TASK STATEMENT:
A single number is the answer: how many lines of the data hold "note"?

Stored data
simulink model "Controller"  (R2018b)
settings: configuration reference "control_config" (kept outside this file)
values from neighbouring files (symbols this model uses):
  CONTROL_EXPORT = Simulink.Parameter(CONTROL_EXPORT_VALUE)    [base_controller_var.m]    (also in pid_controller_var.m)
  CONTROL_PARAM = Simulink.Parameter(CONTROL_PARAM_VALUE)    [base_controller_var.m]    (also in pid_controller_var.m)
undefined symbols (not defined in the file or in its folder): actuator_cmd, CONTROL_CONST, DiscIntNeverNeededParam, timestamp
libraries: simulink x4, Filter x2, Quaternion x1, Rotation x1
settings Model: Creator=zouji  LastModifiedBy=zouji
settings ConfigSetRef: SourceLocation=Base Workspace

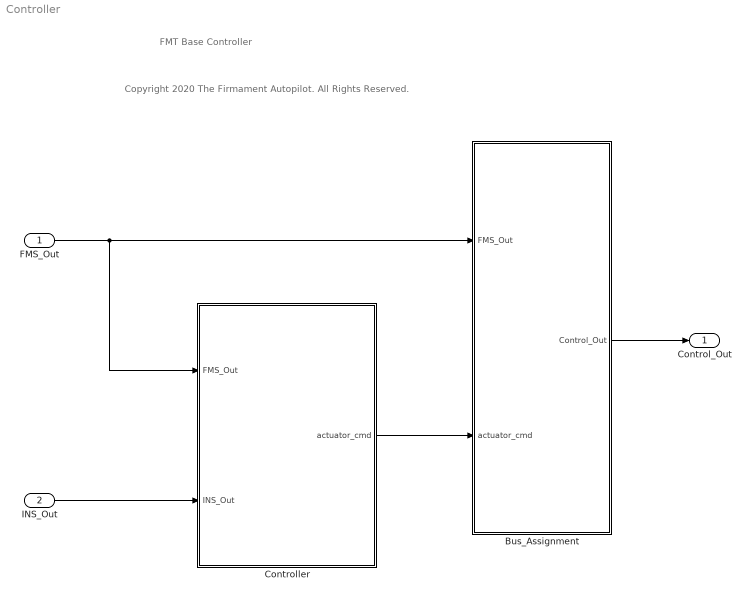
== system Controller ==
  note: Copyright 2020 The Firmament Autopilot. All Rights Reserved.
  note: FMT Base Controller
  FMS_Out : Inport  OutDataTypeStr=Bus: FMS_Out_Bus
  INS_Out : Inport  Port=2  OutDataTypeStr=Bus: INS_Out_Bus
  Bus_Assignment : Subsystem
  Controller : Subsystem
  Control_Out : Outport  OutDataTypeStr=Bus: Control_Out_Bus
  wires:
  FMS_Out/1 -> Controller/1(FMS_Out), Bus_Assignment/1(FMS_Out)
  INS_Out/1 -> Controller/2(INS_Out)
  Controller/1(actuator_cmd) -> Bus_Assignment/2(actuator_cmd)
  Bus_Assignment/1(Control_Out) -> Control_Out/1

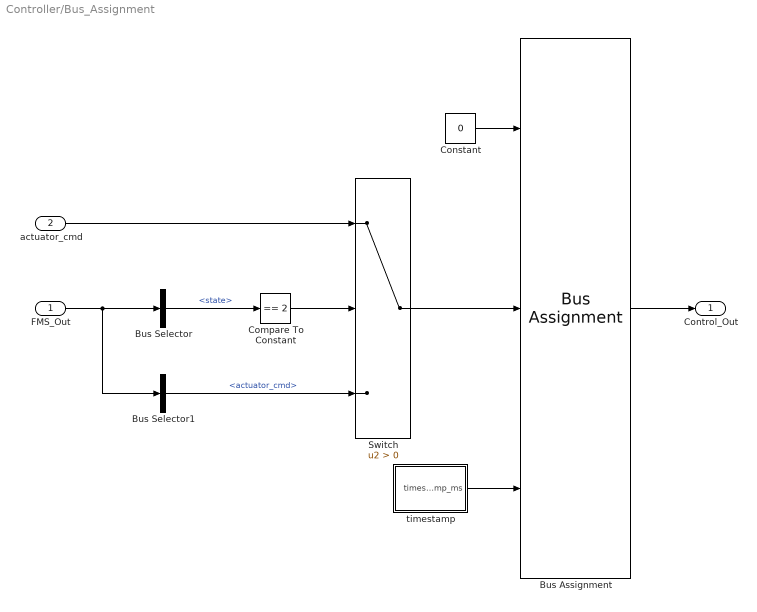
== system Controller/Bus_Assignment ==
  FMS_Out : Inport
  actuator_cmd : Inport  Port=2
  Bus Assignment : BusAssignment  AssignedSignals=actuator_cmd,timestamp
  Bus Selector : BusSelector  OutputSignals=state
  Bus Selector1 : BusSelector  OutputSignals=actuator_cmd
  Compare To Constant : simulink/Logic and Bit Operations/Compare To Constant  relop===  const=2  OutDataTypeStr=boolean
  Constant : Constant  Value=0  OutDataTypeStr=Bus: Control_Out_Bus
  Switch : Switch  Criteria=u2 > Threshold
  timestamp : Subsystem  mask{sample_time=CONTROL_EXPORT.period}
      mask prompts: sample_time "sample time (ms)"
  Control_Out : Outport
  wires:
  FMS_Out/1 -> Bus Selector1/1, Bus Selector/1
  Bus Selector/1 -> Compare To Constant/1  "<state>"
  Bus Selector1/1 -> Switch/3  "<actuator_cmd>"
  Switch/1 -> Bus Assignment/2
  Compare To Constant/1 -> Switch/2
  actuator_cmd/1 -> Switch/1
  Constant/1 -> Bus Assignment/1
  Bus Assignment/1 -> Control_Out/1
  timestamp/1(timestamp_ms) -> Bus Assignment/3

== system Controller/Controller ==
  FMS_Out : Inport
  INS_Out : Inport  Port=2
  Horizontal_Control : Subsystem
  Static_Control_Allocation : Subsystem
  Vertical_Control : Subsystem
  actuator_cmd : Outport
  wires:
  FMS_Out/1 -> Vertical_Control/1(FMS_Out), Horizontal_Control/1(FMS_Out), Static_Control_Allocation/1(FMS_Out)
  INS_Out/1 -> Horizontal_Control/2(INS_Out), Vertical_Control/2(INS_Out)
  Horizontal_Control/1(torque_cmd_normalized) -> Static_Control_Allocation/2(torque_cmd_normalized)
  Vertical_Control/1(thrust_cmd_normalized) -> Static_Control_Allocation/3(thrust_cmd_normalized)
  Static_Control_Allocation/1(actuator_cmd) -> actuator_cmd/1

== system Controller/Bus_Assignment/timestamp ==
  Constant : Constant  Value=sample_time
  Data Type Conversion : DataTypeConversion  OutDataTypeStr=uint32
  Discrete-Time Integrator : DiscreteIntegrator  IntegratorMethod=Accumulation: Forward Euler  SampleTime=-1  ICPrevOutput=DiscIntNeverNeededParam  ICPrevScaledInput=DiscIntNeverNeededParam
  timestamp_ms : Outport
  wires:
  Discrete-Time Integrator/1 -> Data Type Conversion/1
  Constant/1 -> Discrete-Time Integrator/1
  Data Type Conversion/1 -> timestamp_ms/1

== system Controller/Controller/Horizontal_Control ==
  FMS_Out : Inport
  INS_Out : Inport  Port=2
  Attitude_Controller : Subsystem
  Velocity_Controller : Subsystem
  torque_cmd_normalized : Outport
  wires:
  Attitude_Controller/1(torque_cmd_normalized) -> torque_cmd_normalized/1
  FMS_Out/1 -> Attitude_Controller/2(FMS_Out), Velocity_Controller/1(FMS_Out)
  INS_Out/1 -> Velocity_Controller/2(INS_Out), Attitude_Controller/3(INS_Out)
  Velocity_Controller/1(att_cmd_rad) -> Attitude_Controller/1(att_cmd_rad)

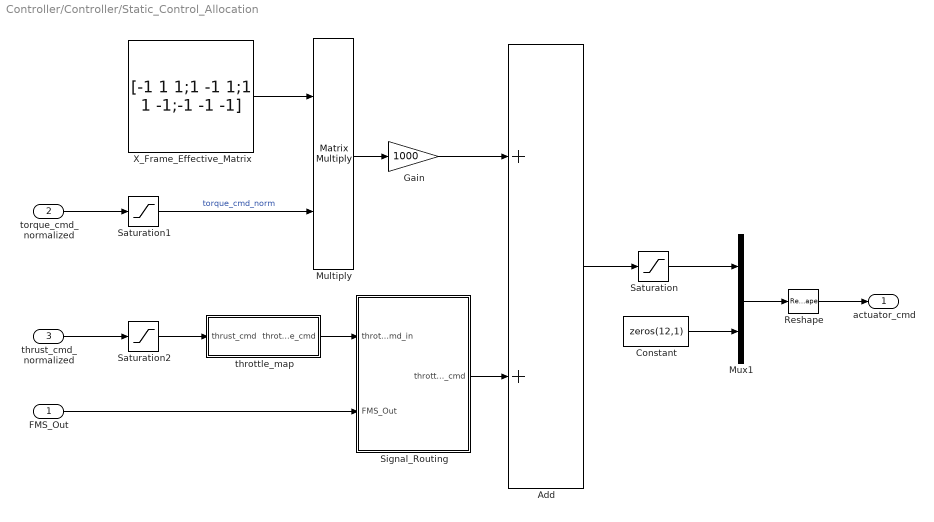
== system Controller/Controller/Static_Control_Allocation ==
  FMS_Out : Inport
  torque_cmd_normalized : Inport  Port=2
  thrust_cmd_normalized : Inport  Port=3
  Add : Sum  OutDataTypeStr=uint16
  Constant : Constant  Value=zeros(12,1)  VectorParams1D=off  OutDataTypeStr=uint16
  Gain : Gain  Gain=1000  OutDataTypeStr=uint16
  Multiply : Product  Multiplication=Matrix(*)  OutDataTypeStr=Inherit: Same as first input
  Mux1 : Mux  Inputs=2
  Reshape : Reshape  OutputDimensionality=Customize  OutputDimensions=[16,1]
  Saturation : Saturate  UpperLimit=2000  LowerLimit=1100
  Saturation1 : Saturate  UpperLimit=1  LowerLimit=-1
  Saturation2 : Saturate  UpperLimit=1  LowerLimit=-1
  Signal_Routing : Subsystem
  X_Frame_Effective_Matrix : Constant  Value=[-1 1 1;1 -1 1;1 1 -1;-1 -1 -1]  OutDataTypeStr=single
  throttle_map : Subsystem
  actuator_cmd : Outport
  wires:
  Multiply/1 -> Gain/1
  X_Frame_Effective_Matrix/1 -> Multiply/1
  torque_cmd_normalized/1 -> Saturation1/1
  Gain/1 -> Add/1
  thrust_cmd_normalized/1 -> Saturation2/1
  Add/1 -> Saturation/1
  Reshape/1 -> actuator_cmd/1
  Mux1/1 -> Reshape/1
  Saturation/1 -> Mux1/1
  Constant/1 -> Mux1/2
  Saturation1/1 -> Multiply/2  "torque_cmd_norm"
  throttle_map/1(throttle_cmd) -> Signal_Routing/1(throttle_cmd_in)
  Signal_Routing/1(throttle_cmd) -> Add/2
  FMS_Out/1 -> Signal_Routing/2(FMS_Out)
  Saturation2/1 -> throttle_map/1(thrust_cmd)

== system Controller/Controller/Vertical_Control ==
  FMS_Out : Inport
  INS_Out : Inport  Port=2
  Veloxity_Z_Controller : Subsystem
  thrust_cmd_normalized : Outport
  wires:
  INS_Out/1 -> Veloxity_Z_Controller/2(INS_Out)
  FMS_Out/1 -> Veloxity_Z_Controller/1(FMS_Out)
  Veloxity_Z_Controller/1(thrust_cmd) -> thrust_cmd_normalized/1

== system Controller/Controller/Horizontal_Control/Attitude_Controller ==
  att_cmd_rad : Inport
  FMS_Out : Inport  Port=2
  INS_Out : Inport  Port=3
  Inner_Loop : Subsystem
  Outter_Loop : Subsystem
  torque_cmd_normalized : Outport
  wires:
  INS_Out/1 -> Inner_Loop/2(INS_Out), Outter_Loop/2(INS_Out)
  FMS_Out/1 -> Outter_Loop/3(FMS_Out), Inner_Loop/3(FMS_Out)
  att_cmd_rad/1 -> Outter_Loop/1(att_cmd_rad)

RESULT FOR THIS TASK:
2